Annual report pursuant to Section 13 and 15(d)

Subsequent Event

v3.8.0.1
Subsequent Event
12 Months Ended
Dec. 30, 2017
Subsequent Events [Abstract]  
SUBSEQUENT EVENT

20.  SUBSEQUENT EVENTS

On February 6, 2018, the Company issued and sold 4,400,000 shares of its common stock at $57.50 per share in a registered public offering (“Offering”).  The net increase to shareholders’ equity and cash proceeds from the Offering was approximately $239,824, after deducting underwriting discounts and commissions and estimated offering costs.   The Company used the net proceeds for the repayment of debt under its credit facility and intends to use the balance of the funds to fund the Faster acquisition and for working capital and general corporate purposes.

On February 19, 2018, the Company announced that it has entered into a definitive agreement to acquire the shares of Polyusus Lux IV S.à r.l., a Luxembourg limited liability company, which owns Faster S.p.A., an Italian joint stock company (“Faster”), from Capvis Equity IV LP, a fund advised by the Swiss private equity firm Capvis Equity Partners AG, and other co-investors, for €430,000 (approximately $531,000) in cash, less outstanding debt and unpaid transaction costs and other deductions from the purchase price as agreed to by the parties.  The acquisition will be funded with approximately $161,000 of cash on hand and $370,000 drawn against the Company’s revolving credit facility, including exercise of the revolver’s accordion.  

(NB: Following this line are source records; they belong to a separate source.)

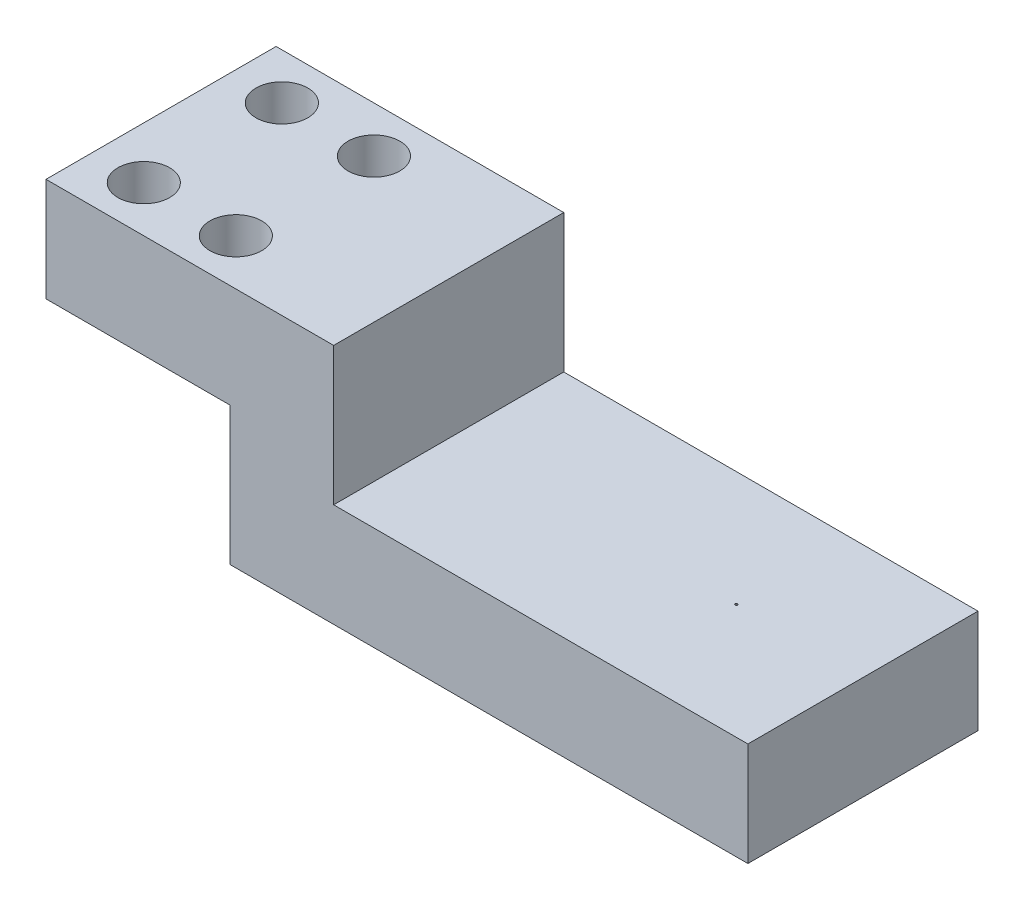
ISO-10303-21;
HEADER;
FILE_DESCRIPTION(('STEP AP214'),'2;1');
FILE_NAME('part.step','',(''),(''),'','','');
FILE_SCHEMA(('AUTOMOTIVE_DESIGN { 1 0 10303 214 1 1 1 1 }'));
ENDSEC;
DATA;
#1=APPLICATION_CONTEXT('core data for automotive mechanical design processes');
#2=APPLICATION_PROTOCOL_DEFINITION('international standard','automotive_design',2000,#1);
#3=PRODUCT_CONTEXT('',#1,'mechanical');
#4=PRODUCT('Part','Part','',(#3));
#5=PRODUCT_RELATED_PRODUCT_CATEGORY('part','',(#4));
#6=PRODUCT_DEFINITION_FORMATION('','',#4);
#7=PRODUCT_DEFINITION_CONTEXT('part definition',#1,'design');
#8=PRODUCT_DEFINITION('design','',#6,#7);
#9=PRODUCT_DEFINITION_SHAPE('','',#8);
#10=(LENGTH_UNIT() NAMED_UNIT(*) SI_UNIT(.MILLI.,.METRE.));
#11=(NAMED_UNIT(*) PLANE_ANGLE_UNIT() SI_UNIT($,.RADIAN.));
#12=(NAMED_UNIT(*) SI_UNIT($,.STERADIAN.) SOLID_ANGLE_UNIT());
#13=UNCERTAINTY_MEASURE_WITH_UNIT(LENGTH_MEASURE(1.E-05),#10,'distance_accuracy_value','');
#14=(GEOMETRIC_REPRESENTATION_CONTEXT(3) GLOBAL_UNCERTAINTY_ASSIGNED_CONTEXT((#13)) GLOBAL_UNIT_ASSIGNED_CONTEXT((#10,
#11,#12)) REPRESENTATION_CONTEXT('',''));
#15=CARTESIAN_POINT('',(0.,0.,0.));
#16=DIRECTION('',(0.,0.,1.));
#17=DIRECTION('',(1.,0.,0.));
#18=AXIS2_PLACEMENT_3D('',#15,#16,#17);
#19=CARTESIAN_POINT('',(0.,-9.,10.));
#20=DIRECTION('',(1.,0.,0.));
#21=DIRECTION('',(0.,0.,-1.));
#22=AXIS2_PLACEMENT_3D('',#19,#20,#21);
#23=PLANE('',#22);
#24=DIRECTION('',(0.,-1.,0.));
#25=VECTOR('',#24,1.);
#26=CARTESIAN_POINT('',(0.,-9.,-10.));
#27=LINE('',#26,#25);
#28=CARTESIAN_POINT('',(0.,0.,-10.));
#29=VERTEX_POINT('',#28);
#30=CARTESIAN_POINT('',(0.,-9.,-10.));
#31=VERTEX_POINT('',#30);
#32=EDGE_CURVE('E417',#29,#31,#27,.T.);
#33=ORIENTED_EDGE('',*,*,#32,.T.);
#34=DIRECTION('',(0.,0.,-1.));
#35=VECTOR('',#34,1.);
#36=CARTESIAN_POINT('',(0.,-9.,10.));
#37=LINE('',#36,#35);
#38=CARTESIAN_POINT('',(0.,-9.,10.));
#39=VERTEX_POINT('',#38);
#40=EDGE_CURVE('E11',#39,#31,#37,.T.);
#41=ORIENTED_EDGE('',*,*,#40,.F.);
#42=DIRECTION('',(0.,-1.,0.));
#43=VECTOR('',#42,1.);
#44=CARTESIAN_POINT('',(0.,-9.,10.));
#45=LINE('',#44,#43);
#46=CARTESIAN_POINT('',(0.,0.,10.));
#47=VERTEX_POINT('',#46);
#48=EDGE_CURVE('E449',#47,#39,#45,.T.);
#49=ORIENTED_EDGE('',*,*,#48,.F.);
#50=DIRECTION('',(0.,0.,-1.));
#51=VECTOR('',#50,1.);
#52=CARTESIAN_POINT('',(0.,0.,10.));
#53=LINE('',#52,#51);
#54=EDGE_CURVE('E430',#47,#29,#53,.T.);
#55=ORIENTED_EDGE('',*,*,#54,.T.);
#56=EDGE_LOOP('',(#33,#41,#49,#55));
#57=FACE_BOUND('',#56,.T.);
#58=ADVANCED_FACE('F349',(#57),#23,.F.);
#59=CARTESIAN_POINT('',(16.,-9.,10.));
#60=DIRECTION('',(0.,1.,0.));
#61=DIRECTION('',(0.,0.,1.));
#62=AXIS2_PLACEMENT_3D('',#59,#60,#61);
#63=PLANE('',#62);
#64=CARTESIAN_POINT('',(12.5,-9.,5.99999999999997));
#65=DIRECTION('',(0.,1.,0.));
#66=DIRECTION('',(0.,0.,1.));
#67=AXIS2_PLACEMENT_3D('',#64,#65,#66);
#68=CIRCLE('',#67,2.25);
#69=CARTESIAN_POINT('',(12.5,-9.,8.24999999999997));
#70=VERTEX_POINT('',#69);
#71=EDGE_CURVE('E549',#70,#70,#68,.T.);
#72=ORIENTED_EDGE('',*,*,#71,.T.);
#73=EDGE_LOOP('',(#72));
#74=FACE_BOUND('',#73,.T.);
#75=CARTESIAN_POINT('',(4.5,-9.,6.));
#76=DIRECTION('',(0.,1.,0.));
#77=DIRECTION('',(0.,0.,1.));
#78=AXIS2_PLACEMENT_3D('',#75,#76,#77);
#79=CIRCLE('',#78,2.25);
#80=CARTESIAN_POINT('',(4.5,-9.,8.25));
#81=VERTEX_POINT('',#80);
#82=EDGE_CURVE('E554',#81,#81,#79,.T.);
#83=ORIENTED_EDGE('',*,*,#82,.T.);
#84=EDGE_LOOP('',(#83));
#85=FACE_BOUND('',#84,.T.);
#86=CARTESIAN_POINT('',(12.5,-9.,-6.00000000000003));
#87=DIRECTION('',(0.,1.,0.));
#88=DIRECTION('',(0.,0.,1.));
#89=AXIS2_PLACEMENT_3D('',#86,#87,#88);
#90=CIRCLE('',#89,2.25);
#91=CARTESIAN_POINT('',(12.5,-9.,-3.75000000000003));
#92=VERTEX_POINT('',#91);
#93=EDGE_CURVE('E560',#92,#92,#90,.T.);
#94=ORIENTED_EDGE('',*,*,#93,.T.);
#95=EDGE_LOOP('',(#94));
#96=FACE_BOUND('',#95,.T.);
#97=CARTESIAN_POINT('',(4.5,-9.,-6.));
#98=DIRECTION('',(0.,1.,0.));
#99=DIRECTION('',(0.,0.,1.));
#100=AXIS2_PLACEMENT_3D('',#97,#98,#99);
#101=CIRCLE('',#100,2.25);
#102=CARTESIAN_POINT('',(4.5,-9.,-3.75));
#103=VERTEX_POINT('',#102);
#104=EDGE_CURVE('E431',#103,#103,#101,.T.);
#105=ORIENTED_EDGE('',*,*,#104,.T.);
#106=EDGE_LOOP('',(#105));
#107=FACE_BOUND('',#106,.T.);
#108=DIRECTION('',(1.,0.,0.));
#109=VECTOR('',#108,1.);
#110=CARTESIAN_POINT('',(16.,-9.,-10.));
#111=LINE('',#110,#109);
#112=CARTESIAN_POINT('',(16.,-9.,-10.));
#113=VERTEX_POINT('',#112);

Faster is a leading global manufacturer of quick-release hydraulic coupling solutions and is engaged in the business of designing, engineering and distributing hydraulic coupling solutions focused in the agriculture, construction equipment and industrial markets.  Its primary markets include agriculture, construction equipment and general industrial applications.  Headquartered in Milan, Italy, Faster has manufacturing operations co-located with its headquarters as well as in Toledo, Ohio and Pune, India.  Additionally, the company has sales offices in Shanghai, China; São Paulo, Brazil; and Langenfeld, Germany.

The Company believes the acquisition of Faster is in alignment with its Vision 2025 goals, advancing the Company as a global technology leader in the industrial goods sector while maintaining superior profitability and financial strength.  Faster further diversifies the Company more deeply into the growing global agriculture market and broadens the Company’s global footprint, advancing its ‘in the region, for the region’ initiative.”

Faster recorded 2017 sales of €105,000 (approximately $130,000) and an adjusted 2017 EBITDA margin of 27.5%.  The acquisition is expected to be accretive to GAAP earnings in 2018 and beyond.

The closing of the transaction, which is expected to occur in the second quarter of 2018, is subject to the satisfaction of customary closing conditions, including, among others, the preparation and delivery of certain audited financial statements of Faster, all as determined in accordance with the Purchase Agreement.